# SQL Join

# Video Link:
https://www.youtube.com/playlist?list=PLwnUv3sNB6_UN6vcOAWMklILhtQa7mGZh

## Installation

*   Install MySQL Server package
*   Start MySQL database server



In [1]:
%%capture
! sudo apt install mysql-server

In [2]:
! /etc/init.d/mysql start

 * Starting MySQL database server mysqld
   ...done.


## Create a test user

*   After the installation completed, you can change the root's password
*   Create user `test_user` for logging in from `localhost`, with password `test_p@ssw0rd`
*   Grant all permissions on any table in any database to user `test_user` for logging in from `localhost`
*   Apply changes on privileges



In [3]:
! mysql -e "ALTER USER 'root'@'localhost' IDENTIFIED WITH mysql_native_password BY '8OQsfBWBP4'; FLUSH PRIVILEGES;"

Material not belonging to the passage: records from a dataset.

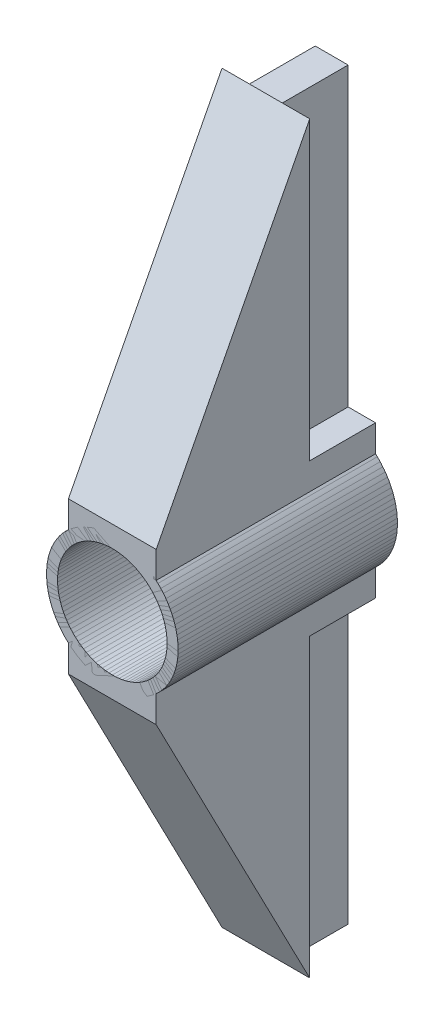
ISO-10303-21;
HEADER;
FILE_DESCRIPTION(('STEP AP214'),'2;1');
FILE_NAME('part.step','',(''),(''),'','','');
FILE_SCHEMA(('AUTOMOTIVE_DESIGN { 1 0 10303 214 1 1 1 1 }'));
ENDSEC;
DATA;
#1=APPLICATION_CONTEXT('core data for automotive mechanical design processes');
#2=APPLICATION_PROTOCOL_DEFINITION('international standard','automotive_design',2000,#1);
#3=PRODUCT_CONTEXT('',#1,'mechanical');
#4=PRODUCT('Part','Part','',(#3));
#5=PRODUCT_RELATED_PRODUCT_CATEGORY('part','',(#4));
#6=PRODUCT_DEFINITION_FORMATION('','',#4);
#7=PRODUCT_DEFINITION_CONTEXT('part definition',#1,'design');
#8=PRODUCT_DEFINITION('design','',#6,#7);
#9=PRODUCT_DEFINITION_SHAPE('','',#8);
#10=(LENGTH_UNIT() NAMED_UNIT(*) SI_UNIT(.MILLI.,.METRE.));
#11=(NAMED_UNIT(*) PLANE_ANGLE_UNIT() SI_UNIT($,.RADIAN.));
#12=(NAMED_UNIT(*) SI_UNIT($,.STERADIAN.) SOLID_ANGLE_UNIT());
#13=UNCERTAINTY_MEASURE_WITH_UNIT(LENGTH_MEASURE(1.E-05),#10,'distance_accuracy_value','');
#14=(GEOMETRIC_REPRESENTATION_CONTEXT(3) GLOBAL_UNCERTAINTY_ASSIGNED_CONTEXT((#13)) GLOBAL_UNIT_ASSIGNED_CONTEXT((#10,
#11,#12)) REPRESENTATION_CONTEXT('',''));
#15=CARTESIAN_POINT('',(0.,0.,0.));
#16=DIRECTION('',(0.,0.,1.));
#17=DIRECTION('',(1.,0.,0.));
#18=AXIS2_PLACEMENT_3D('',#15,#16,#17);
#19=CARTESIAN_POINT('',(0.,0.,20.));
#20=DIRECTION('',(0.,0.,-1.));
#21=DIRECTION('',(1.,0.,0.));
#22=AXIS2_PLACEMENT_3D('',#19,#20,#21);
#23=CYLINDRICAL_SURFACE('',#22,6.);
#24=DIRECTION('',(0.,0.,-1.));
#25=VECTOR('',#24,1.);
#26=CARTESIAN_POINT('',(-3.99999999999997,-4.47213595499961,20.));
#27=LINE('',#26,#25);
#28=CARTESIAN_POINT('',(-3.99999999999997,-4.47213595499961,20.));
#29=VERTEX_POINT('',#28);
#30=CARTESIAN_POINT('',(-3.99999999999997,-4.47213595499961,0.));
#31=VERTEX_POINT('',#30);
#32=EDGE_CURVE('E12',#29,#31,#27,.T.);
#33=ORIENTED_EDGE('',*,*,#32,.F.);
#34=CARTESIAN_POINT('',(0.,0.,20.));
#35=DIRECTION('',(0.,0.,1.));
#36=DIRECTION('',(-1.,0.,0.));
#37=AXIS2_PLACEMENT_3D('',#34,#35,#36);
#38=CIRCLE('',#37,6.);
#39=CARTESIAN_POINT('',(4.00000000000003,-4.47213595499955,20.));
#40=VERTEX_POINT('',#39);
#41=EDGE_CURVE('E235',#40,#29,#38,.T.);
#42=ORIENTED_EDGE('',*,*,#41,.F.);
#43=DIRECTION('',(0.,0.,-1.));
#44=VECTOR('',#43,1.);
#45=CARTESIAN_POINT('',(4.00000000000003,-4.47213595499955,20.));
#46=LINE('',#45,#44);
#47=CARTESIAN_POINT('',(4.00000000000003,-4.47213595499955,0.));
#48=VERTEX_POINT('',#47);
#49=EDGE_CURVE('E63',#40,#48,#46,.T.);
#50=ORIENTED_EDGE('',*,*,#49,.T.);
#51=CARTESIAN_POINT('',(0.,0.,0.));
#52=DIRECTION('',(0.,0.,1.));
#53=DIRECTION('',(-1.,0.,0.));
#54=AXIS2_PLACEMENT_3D('',#51,#52,#53);
#55=CIRCLE('',#54,6.);
#56=EDGE_CURVE('E231',#48,#31,#55,.T.);
#57=ORIENTED_EDGE('',*,*,#56,.T.);
#58=EDGE_LOOP('',(#33,#42,#50,#57));
#59=FACE_BOUND('',#58,.T.);
#60=ADVANCED_FACE('F55',(#59),#23,.T.);
#61=CARTESIAN_POINT('',(0.,0.,20.));
#62=DIRECTION('',(0.,0.,-1.));
#63=DIRECTION('',(1.,0.,0.));
#64=AXIS2_PLACEMENT_3D('',#61,#62,#63);
#65=CYLINDRICAL_SURFACE('',#64,5.);
#66=CARTESIAN_POINT('',(0.,0.,0.));
#67=DIRECTION('',(0.,0.,1.));
#68=DIRECTION('',(-1.,0.,0.));
#69=AXIS2_PLACEMENT_3D('',#66,#67,#68);
#70=CIRCLE('',#69,5.);
#71=CARTESIAN_POINT('',(-5.,0.,0.));
#72=VERTEX_POINT('',#71);
#73=EDGE_CURVE('E226',#72,#72,#70,.T.);
#74=ORIENTED_EDGE('',*,*,#73,.F.);
#75=EDGE_LOOP('',(#74));
#76=FACE_BOUND('',#75,.T.);
#77=CARTESIAN_POINT('',(0.,0.,20.));
#78=DIRECTION('',(0.,0.,1.));
#79=DIRECTION('',(-1.,0.,0.));
#80=AXIS2_PLACEMENT_3D('',#77,#78,#79);
#81=CIRCLE('',#80,5.);
#82=CARTESIAN_POINT('',(-5.,0.,20.));
#83=VERTEX_POINT('',#82);
#84=EDGE_CURVE('E227',#83,#83,#81,.T.);
#85=ORIENTED_EDGE('',*,*,#84,.T.);
#86=EDGE_LOOP('',(#85));
#87=FACE_BOUND('',#86,.T.);
#88=ADVANCED_FACE('F289',(#76,#87),#65,.F.);
#89=CARTESIAN_POINT('',(0.,0.,20.));
#90=DIRECTION('',(0.,0.,1.));
#91=DIRECTION('',(-1.,0.,0.));
#92=AXIS2_PLACEMENT_3D('',#89,#90,#91);
#93=PLANE('',#92);
#94=ORIENTED_EDGE('',*,*,#84,.F.);
#95=EDGE_LOOP('',(#94));
#96=FACE_BOUND('',#95,.T.);
#97=ORIENTED_EDGE('',*,*,#41,.T.);
#98=DIRECTION('',(0.,1.,0.));
#99=VECTOR('',#98,1.);
#100=CARTESIAN_POINT('',(-3.99999999999995,-6.91977190049356,20.));
#101=LINE('',#100,#99);
#102=CARTESIAN_POINT('',(-3.99999999999995,-6.91977190049356,20.));
#103=VERTEX_POINT('',#102);
#104=EDGE_CURVE('E198',#103,#29,#101,.T.);
#105=ORIENTED_EDGE('',*,*,#104,.F.);
#106=DIRECTION('',(1.,0.,0.));
#107=VECTOR('',#106,1.);
#108=CARTESIAN_POINT('',(-3.99999999999995,-6.91977190049356,20.));
#109=LINE('',#108,#107);
#110=CARTESIAN_POINT('',(4.00000000000005,-6.9197719004935,20.));
#111=VERTEX_POINT('',#110);
#112=EDGE_CURVE('E222',#103,#111,#109,.T.);
#113=ORIENTED_EDGE('',*,*,#112,.T.);
#114=DIRECTION('',(0.,1.,0.));
#115=VECTOR('',#114,1.);
#116=CARTESIAN_POINT('',(4.00000000000005,-6.9197719004935,20.));
#117=LINE('',#116,#115);
#118=EDGE_CURVE('E208',#111,#40,#117,.T.);
#119=ORIENTED_EDGE('',*,*,#118,.T.);
#120=EDGE_LOOP('',(#97,#105,#113,#119));
#121=FACE_BOUND('',#120,.T.);
#122=ADVANCED_FACE('F254',(#96,#121),#93,.T.);
#123=CARTESIAN_POINT('',(0.,0.,0.));
#124=DIRECTION('',(0.,0.,1.));
#125=DIRECTION('',(-1.,0.,0.));
#126=AXIS2_PLACEMENT_3D('',#123,#124,#125);
#127=PLANE('',#126);
#128=ORIENTED_EDGE('',*,*,#73,.T.);
#129=EDGE_LOOP('',(#128));
#130=FACE_BOUND('',#129,.T.);
#131=DIRECTION('',(1.,0.,0.));
#132=VECTOR('',#131,1.);
#133=CARTESIAN_POINT('',(4.00000000000005,-6.9197719004935,0.));
#134=LINE('',#133,#132);
#135=CARTESIAN_POINT('',(1.50000000000005,-6.91977190049352,0.));
#136=VERTEX_POINT('',#135);
#137=CARTESIAN_POINT('',(4.00000000000005,-6.9197719004935,0.));
#138=VERTEX_POINT('',#137);
#139=EDGE_CURVE('E149',#136,#138,#134,.T.);
#140=ORIENTED_EDGE('',*,*,#139,.F.);
#141=DIRECTION('',(0.,-1.,0.));
#142=VECTOR('',#141,1.);
#143=CARTESIAN_POINT('',(1.50000000000005,-6.91977190049352,0.));
#144=LINE('',#143,#142);
#145=CARTESIAN_POINT('',(1.50000000000024,-33.9197719004935,0.));
#146=VERTEX_POINT('',#145);
#147=EDGE_CURVE('E161',#136,#146,#144,.T.);
#148=ORIENTED_EDGE('',*,*,#147,.T.);
#149=DIRECTION('',(1.,0.,0.));
#150=VECTOR('',#149,1.);
#151=CARTESIAN_POINT('',(-3.99999999999976,-33.9197719004936,0.));
#152=LINE('',#151,#150);
#153=CARTESIAN_POINT('',(-1.49999999999976,-33.9197719004935,0.));
#154=VERTEX_POINT('',#153);
#155=EDGE_CURVE('E218',#154,#146,#152,.T.);
#156=ORIENTED_EDGE('',*,*,#155,.F.);
#157=DIRECTION('',(0.,-1.,0.));
#158=VECTOR('',#157,1.);
#159=CARTESIAN_POINT('',(-1.49999999999995,-6.91977190049354,0.));
#160=LINE('',#159,#158);
#161=CARTESIAN_POINT('',(-1.49999999999995,-6.91977190049354,0.));
#162=VERTEX_POINT('',#161);
#163=EDGE_CURVE('E70',#162,#154,#160,.T.);
#164=ORIENTED_EDGE('',*,*,#163,.F.);
#165=DIRECTION('',(1.,0.,0.));
#166=VECTOR('',#165,1.);
#167=CARTESIAN_POINT('',(-3.99999999999995,-6.91977190049356,0.));
#168=LINE('',#167,#166);
#169=CARTESIAN_POINT('',(-3.99999999999995,-6.91977190049356,0.));
#170=VERTEX_POINT('',#169);
#171=EDGE_CURVE('E188',#170,#162,#168,.T.);
#172=ORIENTED_EDGE('',*,*,#171,.F.);
#173=DIRECTION('',(0.,-1.,0.));
#174=VECTOR('',#173,1.);
#175=CARTESIAN_POINT('',(-3.99999999999997,-3.91977190049356,0.));
#176=LINE('',#175,#174);
#177=EDGE_CURVE('E201',#31,#170,#176,.T.);
#178=ORIENTED_EDGE('',*,*,#177,.F.);
#179=ORIENTED_EDGE('',*,*,#56,.F.);
#180=DIRECTION('',(0.,-1.,0.));
#181=VECTOR('',#180,1.);
#182=CARTESIAN_POINT('',(4.00000000000003,-3.9197719004935,0.));
#183=LINE('',#182,#181);
#184=EDGE_CURVE('E78',#48,#138,#183,.T.);
#185=ORIENTED_EDGE('',*,*,#184,.T.);
#186=EDGE_LOOP('',(#140,#148,#156,#164,#172,#178,#179,#185));
#187=FACE_BOUND('',#186,.T.);
#188=ADVANCED_FACE('F248',(#130,#187),#127,.F.);
#189=CARTESIAN_POINT('',(-4.,0.,0.));
#190=DIRECTION('',(1.,0.,0.));
#191=DIRECTION('',(0.,0.,1.));
#192=AXIS2_PLACEMENT_3D('',#189,#190,#191);
#193=PLANE('',#192);
#194=DIRECTION('',(0.,0.,-1.));
#195=VECTOR('',#194,1.);
#196=CARTESIAN_POINT('',(-3.99999999999995,-6.91977190049356,6.));
#197=LINE('',#196,#195);
#198=CARTESIAN_POINT('',(-3.99999999999995,-6.91977190049356,6.));
#199=VERTEX_POINT('',#198);
#200=EDGE_CURVE('E180',#199,#170,#197,.T.);
#201=ORIENTED_EDGE('',*,*,#200,.F.);
#202=DIRECTION('',(0.,-1.,0.));
#203=VECTOR('',#202,1.);
#204=CARTESIAN_POINT('',(-3.99999999999995,-6.91977190049356,6.));
#205=LINE('',#204,#203);
#206=CARTESIAN_POINT('',(-3.99999999999976,-33.9197719004936,6.));
#207=VERTEX_POINT('',#206);
#208=EDGE_CURVE('E172',#199,#207,#205,.T.);
#209=ORIENTED_EDGE('',*,*,#208,.T.);
#210=DIRECTION('',(0.,0.887754531448929,0.460317164455));
#211=VECTOR('',#210,1.);
#212=CARTESIAN_POINT('',(-3.99999999999995,-6.91977190049356,20.));
#213=LINE('',#212,#211);
#214=EDGE_CURVE('E194',#207,#103,#213,.T.);
#215=ORIENTED_EDGE('',*,*,#214,.T.);
#216=ORIENTED_EDGE('',*,*,#104,.T.);
#217=ORIENTED_EDGE('',*,*,#32,.T.);
#218=ORIENTED_EDGE('',*,*,#177,.T.);
#219=EDGE_LOOP('',(#201,#209,#215,#216,#217,#218));
#220=FACE_BOUND('',#219,.T.);
#221=ADVANCED_FACE('F252',(#220),#193,.F.);
#222=CARTESIAN_POINT('',(4.,0.,0.));
#223=DIRECTION('',(1.,0.,0.));
#224=DIRECTION('',(0.,0.,1.));
#225=AXIS2_PLACEMENT_3D('',#222,#223,#224);
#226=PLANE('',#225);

ERROR 1045 (28000): Access denied for user 'root'@'localhost' (using password: NO)


In [4]:
! mysql -u root -p8OQsfBWBP4 -e "CREATE USER 'test_user'@'localhost' IDENTIFIED BY 'test_p@ssw0rd';"
! mysql -u root -p8OQsfBWBP4 -e "GRANT ALL PRIVILEGES ON *.* TO 'test_user'@'localhost';"
! mysql -u root -p8OQsfBWBP4 -e "FLUSH PRIVILEGES;"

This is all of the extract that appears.